[Stored data]
■ ■ ■ ■

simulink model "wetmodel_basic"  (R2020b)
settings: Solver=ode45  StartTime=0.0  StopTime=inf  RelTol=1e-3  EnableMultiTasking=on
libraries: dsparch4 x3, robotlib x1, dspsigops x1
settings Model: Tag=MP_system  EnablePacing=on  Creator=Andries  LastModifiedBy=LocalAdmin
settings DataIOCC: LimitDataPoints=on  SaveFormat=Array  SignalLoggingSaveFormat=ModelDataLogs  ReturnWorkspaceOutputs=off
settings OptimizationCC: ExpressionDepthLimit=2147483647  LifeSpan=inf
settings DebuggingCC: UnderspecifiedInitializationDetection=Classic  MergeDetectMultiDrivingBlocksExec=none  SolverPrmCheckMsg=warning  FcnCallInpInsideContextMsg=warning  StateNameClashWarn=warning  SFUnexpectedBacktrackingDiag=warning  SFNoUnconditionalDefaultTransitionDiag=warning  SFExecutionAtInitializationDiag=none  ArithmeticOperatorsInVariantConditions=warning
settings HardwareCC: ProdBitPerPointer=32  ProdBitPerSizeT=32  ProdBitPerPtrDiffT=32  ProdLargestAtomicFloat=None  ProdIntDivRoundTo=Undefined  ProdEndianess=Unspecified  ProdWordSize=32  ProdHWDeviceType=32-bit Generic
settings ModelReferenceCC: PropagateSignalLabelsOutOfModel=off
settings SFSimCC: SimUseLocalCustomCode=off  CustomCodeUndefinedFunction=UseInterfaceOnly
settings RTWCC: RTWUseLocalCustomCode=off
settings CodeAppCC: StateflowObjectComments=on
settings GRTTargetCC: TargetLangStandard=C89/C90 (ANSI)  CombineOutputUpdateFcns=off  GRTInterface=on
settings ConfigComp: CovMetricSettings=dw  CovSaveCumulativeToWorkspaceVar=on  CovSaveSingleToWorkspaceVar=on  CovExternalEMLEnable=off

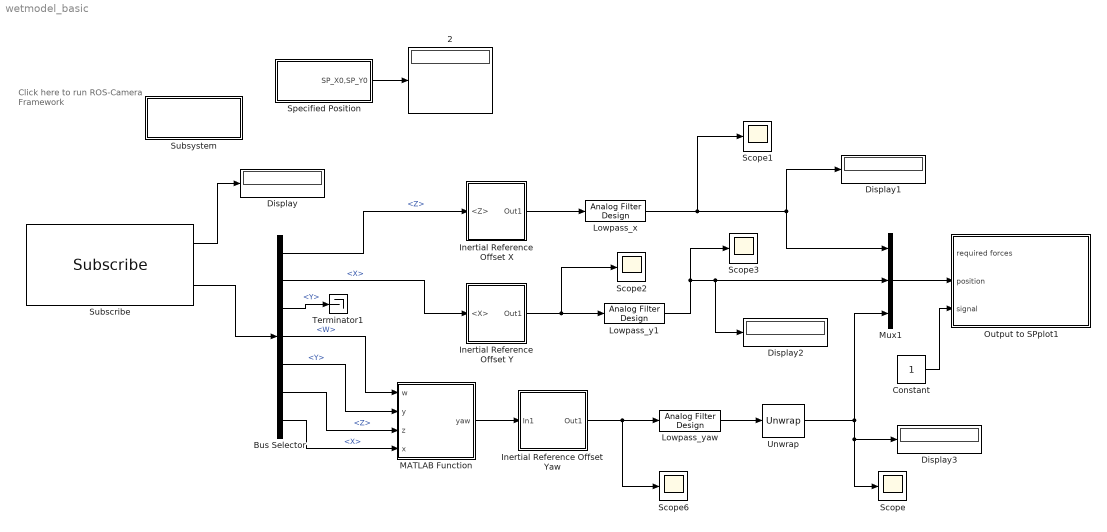
== system wetmodel_basic ==
  note: Click here to run
      | ROS-Camera Framework
  "  2" : Display
  Bus Selector : BusSelector  OutputSignals=Pose.Position.Z,Pose.Position.X,Pose.Position.Y,Pose.Orientation.W,Pose.Orientation.Y,Pose.Orientation.Z,Pose.Orientation.X
  Constant : Constant
  Display{,1..3} (4 alike) : Display
  Inertial Reference Offset X : Subsystem
  Inertial Reference Offset Y : Subsystem
  Inertial Reference Offset Yaw : Subsystem
  Lowpass_x : dsparch4/Analog Filter Design  method=Butterworth  filttype=Lowpass  N=1  Wlo=30  Whi=80  Rp=2  Rs=40
  Lowpass_y1 : dsparch4/Analog Filter Design  method=Butterworth  filttype=Lowpass  N=1  Wlo=30  Whi=80  Rp=2  Rs=40
  Lowpass_yaw : dsparch4/Analog Filter Design  method=Butterworth  filttype=Lowpass  N=8  Wlo=5  Whi=80  Rp=2  Rs=40
  MATLAB Function : MATLAB Function  TreatAsAtomicUnit=on
  Mux1 : Mux  Inputs=3
  Output to SPplot1 : Subsystem
      mask Display:
      | image(imread('spplot.JPG'))
      | port_label('input', 1, 'Req. Forces')
      | port_label('input', 2, 'Pos Update')
      | port_label('input', 3, 'signal')
  Scope{,1..3,6} (5 alike) : Scope
  Specified Position : Subsystem
  Subscribe : robotlib/Subscribe  topicSource=Select from ROS network  topic=/OptiRAS/RAS_TN_YE/pose  messageType=geometry_msgs/PoseStamped  SampleTime=-1  legacyBusStruct=off  messageQueueLength=1
  Subsystem : Subsystem  InitFcn=|  StopFcn=set_param(gcb,'BackgroundColor','red');
      | %if ros_init==1
      | if ros.internal.Global.isNodeActive == 1
      | set_param(gcb,'BackgroundColor','green');
      | else
      | set_param(gcb,'BackgroundColor','red');
      | end
      settings: ModelCloseFcn=set_param(gcb,'BackgroundColor','red');  CloseFcn=set_param(gcb,'BackgroundColor','red');
  Terminator1 : Terminator
  Unwrap : dspsigops/Unwrap  tol=pi  InputProcessing=Columns as channels (frame based)  running=off
  wires:
  Specified Position/1(SP_X0,SP_Y0) -> "  2"/1
  Mux1/1 -> Output to SPplot1/2(position)
  Subscribe/1 -> Display/1
  Constant/1 -> Output to SPplot1/3(signal)
  Subscribe/2 -> Bus Selector/1
  Lowpass_yaw/1 -> Unwrap/1
  Bus Selector/4 -> MATLAB Function/1(w)  "<W>"
  Bus Selector/5 -> MATLAB Function/2(y)  "<Y>"
  Bus Selector/6 -> MATLAB Function/3(z)  "<Z>"
  Bus Selector/7 -> MATLAB Function/4(x)  "<X>"
  Lowpass_y1/1 -> Mux1/2, Display2/1, Scope3/1
  Unwrap/1 -> Mux1/3, Scope/1, Display3/1
  Bus Selector/3 -> Terminator1/1  "<Y>"
  Inertial Reference Offset X/1(Out1) -> Lowpass_x/1
  Bus Selector/1 -> Inertial Reference Offset X/1(<Z>)  "<Z>"
  Lowpass_x/1 -> Scope1/1, Display1/1, Mux1/1
  Inertial Reference Offset Y/1(Out1) -> Scope2/1, Lowpass_y1/1
  Bus Selector/2 -> Inertial Reference Offset Y/1(<X>)  "<X>"
  Inertial Reference Offset Yaw/1(Out1) -> Lowpass_yaw/1, Scope6/1
  MATLAB Function/1(yaw) -> Inertial Reference Offset Yaw/1(In1)

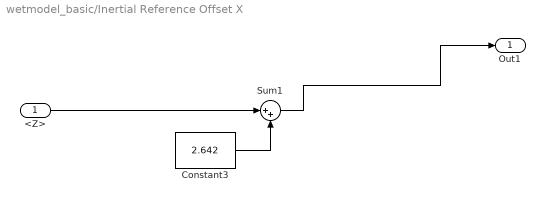
== system wetmodel_basic/Inertial Reference Offset X ==
  <Z> : Inport
  Constant3 : Constant  Value=2.642
  Sum1 : Sum  Inputs=|++
  Out1 : Outport
  wires:
  Constant3/1 -> Sum1/2
  <Z>/1 -> Sum1/1
  Sum1/1 -> Out1/1

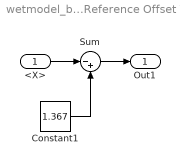
== system wetmodel_basic/Inertial Reference Offset Y ==
  <X> : Inport
  Constant1 : Constant  Value=1.367
  Sum : Sum  Inputs=|-+
  Out1 : Outport
  wires:
  Sum/1 -> Out1/1
  <X>/1 -> Sum/1
  Constant1/1 -> Sum/2

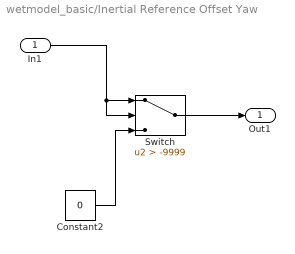
== system wetmodel_basic/Inertial Reference Offset Yaw ==
  In1 : Inport
  Constant2 : Constant  Value=0
  Switch : Switch  Criteria=u2 > Threshold  Threshold=-9999
  Out1 : Outport
  wires:
  Constant2/1 -> Switch/3
  In1/1 -> Switch/2, Switch/1
  Switch/1 -> Out1/1

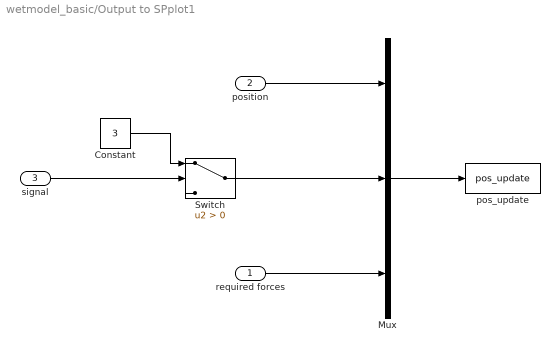
== system wetmodel_basic/Output to SPplot1 ==
  required forces : Inport
  position : Inport  Port=2
  signal : Inport  Port=3
  Constant : Constant  Value=3
  Mux : Mux  Inputs=3
  Switch : Switch  Criteria=u2 > Threshold
  pos_update : S-Function  FunctionName=pos_update  Parameters=TS_wii  SFunctionDeploymentMode=off  EnableBusSupport=off
  wires:
  Mux/1 -> pos_update/1
  position/1 -> Mux/1
  required forces/1 -> Mux/3
  Switch/1 -> Mux/2
  signal/1 -> Switch/2
  Constant/1 -> Switch/1

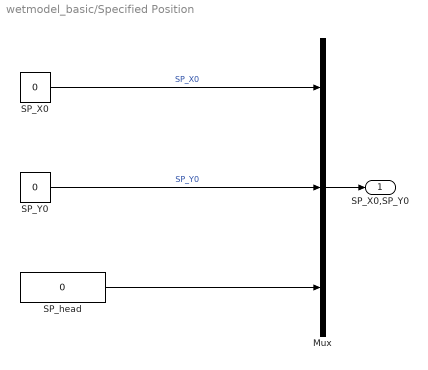
== system wetmodel_basic/Specified Position ==
  Mux : Mux  Inputs=3
  SP_X0 : Constant  Value=0
  SP_Y0 : Constant  Value=0
  SP_head : Constant  Value=0
  SP_X0,SP_Y0 : Outport
  wires:
  Mux/1 -> SP_X0,SP_Y0/1
  SP_Y0/1 -> Mux/2  "SP_Y0"
  SP_X0/1 -> Mux/1  "SP_X0"
  SP_head/1 -> Mux/3

== system wetmodel_basic/Subsystem ==

== matlab function wetmodel_basic/MATLAB Function ==
  data: w input; y input; z input; yaw output; x input
function yaw = quat2eul_VG(w,y,z,x)

%From VG MH iSCSS paper
%quatern = [ts_q4.data ts_q2.data ts_q3.data ts_q1.data]
quatern = [w,y,z,x];
%quatern = [w,x,y,z];
eulXYZ = quat2eul(quatern);
yaw = - eulXYZ(3) ;
% Change it here in case of different angle standards

■ ■ ■ ■

Final part of the records: return the line that contains "MH iSCSS paper" and every line after it, exactly, with no other lines added.

> Output for this task
%From VG MH iSCSS paper
%quatern = [ts_q4.data ts_q2.data ts_q3.data ts_q1.data]
quatern = [w,y,z,x];
%quatern = [w,x,y,z];
eulXYZ = quat2eul(quatern);
yaw = - eulXYZ(3) ;
% Change it here in case of different angle standards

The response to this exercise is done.